◆ Problem statement
Of the entries below, copy only those lines that contain the word "midpoint".
Top of Source material
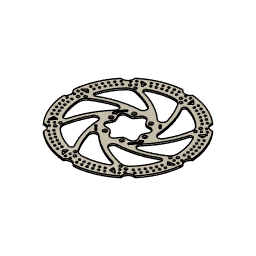
brake disc (Autodesk Fusion 360 design; units mm, degrees)
part number: 2025-07-16-20-32-40-966
Autodesk Fusion 360 part; units mm, degrees
note: some values were not read from the file. Chosen so that the rebuilt part matches the saved one: where a step ends. Set by a fixed rule: which sketch regions a step uses.
sketch "Sketch1" plane through (0, 0, 0) normal (0, 0, 1) x (1, 0, 0)
  circle A0 centre (0, 0) radius 80
  dimension "d1" = 160
  constraint coincident A0.centre origin
  measures "d1" diameter of A0
extrude "Extrude1" add sketch "Sketch1" along normal blind 2
sketch "Sketch2" plane through (0, 0, 2) normal (0, 0, 1) x (-1, 0, 0)
  circle A0 centre (0, 0) radius 80
  circle A1 centre (0, 0) radius 15
  circle A2 centre (0, 0) radius 22.5 construction
  circle A3 centre (0, 0) radius 27.5
  circle A4 centre (22.5, 0) radius 2.5
  circle A5 centre (11.25, 19.4856) radius 2.5
  circle A6 centre (-11.25, 19.4856) radius 2.5
  circle A7 centre (-22.5, 0) radius 2.5
  circle A8 centre (-11.25, -19.4856) radius 2.5
  circle A9 centre (11.25, -19.4856) radius 2.5
  line L0 (23.8157, -13.75) -> (0, 0) construction
  line L1 (0, 0) -> (22.5, 0) construction
  line L2 (23.8157, -13.75) -> (13.3717, 6.7969)
  line L3 (23.8157, -13.75) -> (0.7996, -14.9787)
  line L4 (23.8157, 13.75) -> (13.3717, -6.7969)
  line L5 (23.8157, 13.75) -> (0.7996, 14.9787)
  line L6 (0, 27.5) -> (12.5721, 8.1818)
  line L7 (0, 27.5) -> (-12.5721, 8.1818)
  line L8 (-23.8157, 13.75) -> (-0.7996, 14.9787)
  line L9 (-23.8157, 13.75) -> (-13.3717, -6.7969)
  line L10 (-23.8157, -13.75) -> (-13.3717, 6.7969)
  line L11 (-23.8157, -13.75) -> (-0.7996, -14.9787)
  line L12 (0, -27.5) -> (-12.5721, -8.1818)
  line L13 (0, -27.5) -> (12.5721, -8.1818)
  circle A10 centre (0, 0) radius 64
  line L14 (80, 0) -> (64, 0) construction
  arc A11 (79.7355, 6.5) -> (79.7355, -6.5) centre (83.5229, 0) ccw
  arc A12 (51.7853, 60.9777) -> (60.9777, 51.7853) centre (59.0596, 59.0596) ccw
  arc A13 (-6.5, 79.7355) -> (6.5, 79.7355) centre (0, 83.5229) ccw
  arc A14 (-60.9777, 51.7853) -> (-51.7853, 60.9777) centre (-59.0596, 59.0596) ccw
  arc A15 (-79.7355, -6.5) -> (-79.7355, 6.5) centre (-83.5229, 0) ccw
  arc A16 (-51.7853, -60.9777) -> (-60.9777, -51.7853) centre (-59.0596, -59.0596) ccw
  arc A17 (6.5, -79.7355) -> (-6.5, -79.7355) centre (0, -83.5229) ccw
  arc A18 (60.9777, -51.7853) -> (51.7853, -60.9777) centre (59.0596, -59.0596) ccw
  arc A19 (-21.1814, -17.5385) -> (53.7401, -53.7401) centre (55.8419, 46.2378) ccw
  arc A20 (-17.3302, -14.3497) -> (53.8452, -48.7412) centre (55.8419, 46.2378) ccw
  arc A21 (-2.5759, -27.3791) -> (76, 0) centre (6.7911, 72.1812) ccw
  arc A22 (-2.1076, -22.4011) -> (72.5396, 3.6091) centre (6.7911, 72.1812) ccw
  arc A23 (17.5385, -21.1814) -> (53.7401, 53.7401) centre (-46.2378, 55.8419) ccw
  arc A24 (14.3497, -17.3302) -> (48.7412, 53.8452) centre (-46.2378, 55.8419) ccw
  arc A25 (27.3791, -2.5759) -> (0, 76) centre (-72.1812, 6.7911) ccw
  arc A26 (22.4011, -2.1076) -> (-3.6091, 72.5396) centre (-72.1812, 6.7911) ccw
  arc A27 (21.1814, 17.5385) -> (-53.7401, 53.7401) centre (-55.8419, -46.2378) ccw
  arc A28 (17.3302, 14.3497) -> (-53.8452, 48.7412) centre (-55.8419, -46.2378) ccw
  arc A29 (2.5759, 27.3791) -> (-76, 0) centre (-6.7911, -72.1812) ccw
  arc A30 (2.1076, 22.4011) -> (-72.5396, -3.6091) centre (-6.7911, -72.1812) ccw
  arc A31 (-17.5385, 21.1814) -> (-53.7401, -53.7401) centre (46.2378, -55.8419) ccw
  arc A32 (-14.3497, 17.3302) -> (-48.7412, -53.8452) centre (46.2378, -55.8419) ccw
  arc A33 (-27.3791, 2.5759) -> (0, -76) centre (72.1812, -6.7911) ccw
  arc A34 (-22.4011, 2.1076) -> (3.6091, -72.5396) centre (72.1812, -6.7911) ccw
  circle A35 centre (12.5412, -32.6612) radius 5
  circle A36 centre (31.9629, -14.227) radius 5
  circle A37 centre (32.6612, 12.5412) radius 5
  circle A38 centre (14.227, 31.9629) radius 5
  circle A39 centre (-12.5412, 32.6612) radius 5
  circle A40 centre (-31.9629, 14.227) radius 5
  circle A41 centre (-32.6612, -12.5412) radius 5
  circle A42 centre (-14.227, -31.9629) radius 5
  circle A43 centre (40.0453, -49.9237) radius 1.75
  circle A44 centre (47.0453, -49.9237) radius 1.75
  line L15 (37.2764, -52.0237) -> (25, -52.0237) construction
  line L16 (42.5298, -47.8249) -> (26.5867, -47.8249) construction
  circle A45 centre (50.5453, -54.4237) radius 1.25
  circle A46 centre (43.5453, -54.4237) radius 1.25
  circle A47 centre (47.0453, -58.9237) radius 1.25
  circle A48 centre (35.1725, -66.3425) radius 1.25
  circle A49 centre (32, -62.3425) radius 1.25
  line L17 (43.7764, -61.9237) -> (37.7764, -61.9237)
  line L18 (37.2764, -61.4237) -> (37.2764, -56.9237)
  line L19 (38.0764, -56.5237) -> (44.0764, -61.0237)
  arc A50 (43.7764, -61.9237) -> (44.0764, -61.0237) centre (43.7764, -61.4237) ccw
  arc A51 (38.0764, -56.5237) -> (37.2764, -56.9237) centre (37.7764, -56.9237) ccw
  arc A52 (37.2764, -61.4237) -> (37.7764, -61.9237) centre (37.7764, -61.4237) ccw
  line L20 (0, 0) -> (0, -80) construction
  circle A53 centre (26.8971, -64.708) radius 1.25
  circle A54 centre (29.7386, -68.9496) radius 1.25
  circle A55 centre (21.621, -66.6567) radius 1.25
  circle A56 centre (24.1132, -71.1125) radius 1.25
  circle A57 centre (16.2055, -68.176) radius 1.25
  circle A58 centre (18.3323, -72.8173) radius 1.25
  circle A59 centre (10.6857, -69.2561) radius 1.25
  circle A60 centre (12.4334, -74.053) radius 1.25
  circle A61 centre (5.097, -69.89) radius 1.25
  circle A62 centre (6.4544, -74.8116) radius 1.25
  point P0 (76, 0)
  point P1 (45.2764, -61.9237)
  point P2 (37.2764, -61.9237)
  point P3 (37.2764, -55.9237)
  dimension "d4" = 30
  dimension "d5" = 45
  dimension "d6" = 55
  dimension "d7" = 5
  dimension "d9" = 360
  dimension "d10" = 30
  dimension "d13" = 360
  dimension "d16" = 128
  dimension "d17" = 13
  dimension "d18" = 4
  dimension "d35" = 360
  dimension "d36" = 100
  dimension "d37" = -5
  dimension "d39" = 360
  dimension "d40" = 10
  dimension "d42" = 360
  dimension "d43" = 3.5
  dimension "d44" = 3.5
  dimension "d45" = 4.1988
  dimension "d46" = 2.1
  dimension "d47" = 2.5
  dimension "d48" = 2.5
  dimension "d49" = 2.5
  dimension "d50" = 2.5
  dimension "d51" = 2.5
  dimension "d52" = 8
  dimension "d53" = 6
  dimension "d54" = 0.5
  dimension "d55" = 0.5
  dimension "d56" = 0.5
  dimension "d57" = 4
  dimension "d58" = 7
  dimension "d59" = 4.5
  dimension "d60" = 3.5
  dimension "d61" = 7
  dimension "d62" = 32
  dimension "d63" = 14
  dimension "d64" = 14
  dimension "d65" = 9
  dimension "d66" = 3
  dimension "d68" = -23
  constraint coincident A0.centre A1.centre
  constraint concentric A0 A2
  constraint concentric A1 A3
  constraint coincident A2 A4.centre
  constraint coincident A3 L0.start
  constraint coincident A4.centre L1.end
  constraint horizontal L1
  constraint coincident A1 L2.end
  constraint coincident A1 L3.end
  constraint tangent A1 L3
  constraint tangent A1 L2
  constraint concentric A3 A10
  constraint coincident A0 L14.start
  constraint coincident A10 L14.end
  constraint horizontal L14
  constraint coincident A0 A11.start
  constraint coincident A0 A11.end
  constraint midpoint A11 P0
  constraint horizontal L14.start P0
  constraint coincident A3 A19.start
  constraint midpoint A18 A19.end
  constraint tangent A3 A19
  constraint tangent A20 A35
  constraint tangent A21 A35
  constraint coincident A10 A43.centre
  constraint coincident A19 L15.start
  constraint coincident A10 L15.start
  constraint horizontal L15
  constraint coincident A20 L16.start
  constraint coincident A10 L16.start
  constraint horizontal L16
  constraint horizontal L17
  constraint perpendicular L17 L18
  constraint coincident P1 L17
  constraint coincident P1 L19
  constraint tangent L17 A50
  constraint tangent L19 A50
  constraint coincident P3 L19
  constraint coincident P3 L18
  constraint tangent L19 A51
  constraint tangent L18 A51
  constraint coincident P2 L17
  constraint coincident P2 L18
  constraint tangent L17 A52
  constraint tangent L18 A52
  constraint coincident A0 L20.end
  constraint vertical L20
  constraint horizontal A45.centre A46.centre
  constraint vertical A44.centre A47.centre
  constraint horizontal A43.centre A44.centre
  constraint vertical L15.start L18.end
  measures "d4" diameter of A1
  measures "d5" diameter of A2
  measures "d6" diameter of A3
  measures "d7" diameter of A4
  measures "d10" angle of L0 L1
  measures "d16" diameter of A10
  measures "d17" vertical distance of A11.end A11.start
  measures "d18" distance of L14.start P0
  measures "d36" radius of A19
  measures "d40" diameter of A35
  measures "d43" diameter of A43
  measures "d44" diameter of A44
  measures "d45" distance of L15 L16
  measures "d46" distance of A43.centre L15
  measures "d47" diameter of A45
  measures "d48" diameter of A46
  measures "d49" diameter of A47
  measures "d50" diameter of A48
  measures "d51" diameter of A49
  measures "d52" distance of P1 P2
  measures "d53" distance of P2 P3
  measures "d54" radius of A50
  measures "d55" radius of A51
  measures "d56" radius of A52
  measures "d57" vertical distance of A48.centre A49.centre
  measures "d58" distance of A43.centre A44.centre
  measures "d59" vertical distance of A46.centre A47.centre
  measures "d60" horizontal distance of A45.centre A47.centre
  measures "d61" distance of A45.centre A46.centre
  measures "d62" distance of A49.centre L20
  measures "d63" distance of A46.centre A49.centre
  measures "d64" distance of A47.centre A48.centre
  measures "d65" distance of A44.centre A47.centre
  measures "d66" distance of A47.centre L17
extrude "Extrude3" cut sketch "Sketch2" along normal up to far side of body 1 contours A0 A18 | A19 A45 | A19 A45 | A10 A43 | A10 A43 | A10 A19 A34 A42 | A42 | A20 A44 | A20 A44 | A46 | A47 | A48 | A49 | L17 L18 L19 A50 A51 A52 | A53 | A54 | A55 | A56 | A57 | A58 | A59 | A60 | A61 | A62
pattern_circular "C-Pattern1" count 8 over 360 about axis through (0, 0, 2) along (0, 0, 1) of "Extrude3"
extrude "Extrude4" cut sketch "Sketch2" against normal blind 15 contours A1 L3 L11 L12 L13 | L2 L3 A24 | A1 L11 L12 | A1 L9 L10 L11 L12 A34 | A1 L2 L3 L4 L13 A24 | A1 L3 L13 | L10 L11 A34 | A1 | A1 L2 L4 | A1 L2 L4 L5 L6 A26 | A1 L9 L10 | L4 L5 A26 | A1 L7 L8 L9 L10 A32 | L8 L9 A32 | A1 L5 L6 | A1 L5 L6 L7 L8 | A1 L7 L8 | A4 | A5 A28 | A5 A28 | A6 | A7 | A8 A20 | A8 A20 | A9
fillet "Fillet1" radius 5 1 edges at (8.4133, -14.5722, 1)
fillet "Fillet2" radius 5 5 edges at (-8.4133, -14.5722, 1) (-16.8266, 0, 1) (-8.4133, 14.5722, 1) (16.8266, 0, 1) (8.4133, 14.5722, 1)
fillet "Fillet3" radius 5 6 edges at (-23.8157, -13.75, 1) (0, -27.5, 1) (23.8157, -13.75, 1) (23.8157, 13.75, 1) (0, 27.5, 1) (-23.8157, 13.75, 1)
fillet "Fillet5" radius 3 1 edges at (63.1447, -10.4279, 1)
fillet "Fillet6" radius 10 1 edges at (42.5298, -47.8249, 1)
fillet "Fillet7" radius 1 2 edges at (79.7355, 6.5, 1) (79.7355, -6.5, 1)
pattern_circular "C-Pattern2" count 8 over 360 about axis through (0, 0, 2) along (0, 0, -1) of "Fillet5", "Fillet6", "Fillet7"
sketch "Sketch3" plane through (0, 0, 2) normal (0, 0, 1) x (-1, 0, 0)
  arc A0 (-46.9276, -37.2622) -> (-43.995, -46.4806) centre (-37.1207, -39.218) ccw
  arc A1 (-37.0445, -10.1356) -> (-46.9276, -37.2622) centre (46.2378, -55.8419) ccw
  arc A2 (-27.6687, -12.2674) -> (-37.0445, -10.1356) centre (-32.6612, -12.5412) ccw
  arc A3 (-27.6687, -12.2674) -> (-14.2275, -57.1252) centre (72.1812, -6.7911) ccw
  arc A4 (-17.647, -61.519) -> (-14.2275, -57.1252) centre (-16.8198, -58.6353) ccw
  arc A5 (-43.995, -46.4806) -> (-17.647, -61.519) centre (0, 0) ccw
  arc A6 (37.2622, -46.9276) -> (46.4806, -43.995) centre (39.218, -37.1207) ccw
  arc A7 (10.1356, -37.0445) -> (37.2622, -46.9276) centre (55.8419, 46.2378) ccw
  arc A8 (12.2674, -27.6687) -> (10.1356, -37.0445) centre (12.5412, -32.6612) ccw
  arc A9 (12.2674, -27.6687) -> (57.1252, -14.2275) centre (6.7911, 72.1812) ccw
  arc A10 (61.519, -17.647) -> (57.1252, -14.2275) centre (58.6353, -16.8198) ccw
  arc A11 (46.4806, -43.995) -> (61.519, -17.647) centre (0, 0) ccw
  arc A12 (46.9276, 37.2622) -> (43.995, 46.4806) centre (37.1207, 39.218) ccw
  arc A13 (37.0445, 10.1356) -> (46.9276, 37.2622) centre (-46.2378, 55.8419) ccw
  arc A14 (27.6687, 12.2674) -> (37.0445, 10.1356) centre (32.6612, 12.5412) ccw
  arc A15 (27.6687, 12.2674) -> (14.2275, 57.1252) centre (-72.1812, 6.7911) ccw
  arc A16 (17.647, 61.519) -> (14.2275, 57.1252) centre (16.8198, 58.6353) ccw
  arc A17 (43.995, 46.4806) -> (17.647, 61.519) centre (0, 0) ccw
  circle A18 centre (-40.0453, 49.9237) radius 1.75
  circle A19 centre (-47.0453, 49.9237) radius 1.75
  arc A20 (-7.027, -16.7024) -> (-10.9512, -14.4367) centre (-11.2177, -19.4296) ccw
  line L0 (-10.9512, -14.4367) -> (-16.1437, -14.1596)
  arc A21 (-20.3344, -6.901) -> (-16.1437, -14.1596) centre (-15.8771, -9.1667) ccw
  line L1 (-20.3344, -6.901) -> (-17.9782, -2.2656)
  arc A22 (-17.9782, -2.2656) -> (-17.9782, 2.2656) centre (-22.4354, 0) ccw
  line L2 (-17.9782, 2.2656) -> (-20.3344, 6.901)
  arc A23 (-16.1437, 14.1596) -> (-20.3344, 6.901) centre (-15.8771, 9.1667) ccw
  line L3 (-16.1437, 14.1596) -> (-10.9512, 14.4367)
  arc A24 (-10.9512, 14.4367) -> (-7.027, 16.7024) centre (-11.2177, 19.4296) ccw
  line L4 (-7.027, 16.7024) -> (-4.1907, 21.0606)
  arc A25 (4.1907, 21.0606) -> (-4.1907, 21.0606) centre (0, 18.3333) ccw
  line L5 (4.1907, 21.0606) -> (7.027, 16.7024)
  arc A26 (7.027, 16.7024) -> (10.9512, 14.4367) centre (11.2177, 19.4296) ccw
  line L6 (10.9512, 14.4367) -> (16.1437, 14.1596)
  arc A27 (20.3344, 6.901) -> (16.1437, 14.1596) centre (15.8771, 9.1667) ccw
  line L7 (20.3344, 6.901) -> (17.9782, 2.2656)
  arc A28 (17.9782, 2.2656) -> (17.9782, -2.2656) centre (22.4354, 0) ccw
  line L8 (17.9782, -2.2656) -> (20.3344, -6.901)
  arc A29 (16.1437, -14.1596) -> (20.3344, -6.901) centre (15.8771, -9.1667) ccw
  line L9 (16.1437, -14.1596) -> (10.9512, -14.4367)
  arc A30 (10.9512, -14.4367) -> (7.027, -16.7024) centre (11.2177, -19.4296) ccw
  line L10 (7.027, -16.7024) -> (4.1907, -21.0606)
  arc A31 (-4.1907, -21.0606) -> (4.1907, -21.0606) centre (0, -18.3333) ccw
  line L11 (-4.1907, -21.0606) -> (-7.027, -16.7024)
  circle A32 centre (-11.25, -19.4856) radius 2.5
  circle A33 centre (11.25, -19.4856) radius 2.5
  circle A34 centre (-22.5, 0) radius 2.5
  circle A35 centre (11.25, 19.4856) radius 2.5
  circle A36 centre (22.5, 0) radius 2.5
  circle A37 centre (-11.25, 19.4856) radius 2.5
  circle A38 centre (-2.7425, -74.2243) radius 1.25
  circle A39 centre (-8.3993, -74.9314) radius 1.25
  circle A40 centre (-27.7263, -69.7831) radius 1.25
  circle A41 centre (-38.5267, -64.4525) radius 1.25
  circle A42 centre (-48.3358, -57.4637) radius 1.25
  circle A43 centre (-43.5716, -61.1551) radius 1.25
  circle A44 centre (-31.8451, -62.4218) radius 1.25
  circle A45 centre (-21.4554, -66.7102) radius 1.25
  circle A46 centre (-7.6922, -69.2745) radius 1.25
  circle A47 centre (-2.0354, -68.5674) radius 1.75
  arc A48 (-12.8321, -74.7413) -> (-11.9835, -74.317) centre (-12.4785, -74.3877) ccw
  line L12 (-12.8321, -74.7413) -> (-17.0747, -70.4987)
  arc A49 (-17.0747, -69.7915) -> (-17.0747, -70.4987) centre (-16.7211, -70.1451) ccw
  line L13 (-17.0747, -69.7915) -> (-13.8927, -66.6096)
  arc A50 (-13.0442, -66.8924) -> (-13.8927, -66.6096) centre (-13.5392, -66.9631) ccw
  line L14 (-13.0442, -66.8924) -> (-11.9835, -74.317)
  circle A51 centre (-26.7364, -64.7746) radius 1.25
  circle A52 centre (-36.7487, -59.6668) radius 1.25
  circle A53 centre (-45.8155, -53.0238) radius 1.25
  circle A54 centre (-41.4155, -56.5274) radius 1.25
  circle A55 centre (-33.2336, -67.3347) radius 1.25
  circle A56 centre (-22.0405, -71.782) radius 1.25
Bottom of Source material
◆ Answer
  constraint midpoint A11 P0
  constraint midpoint A18 A19.end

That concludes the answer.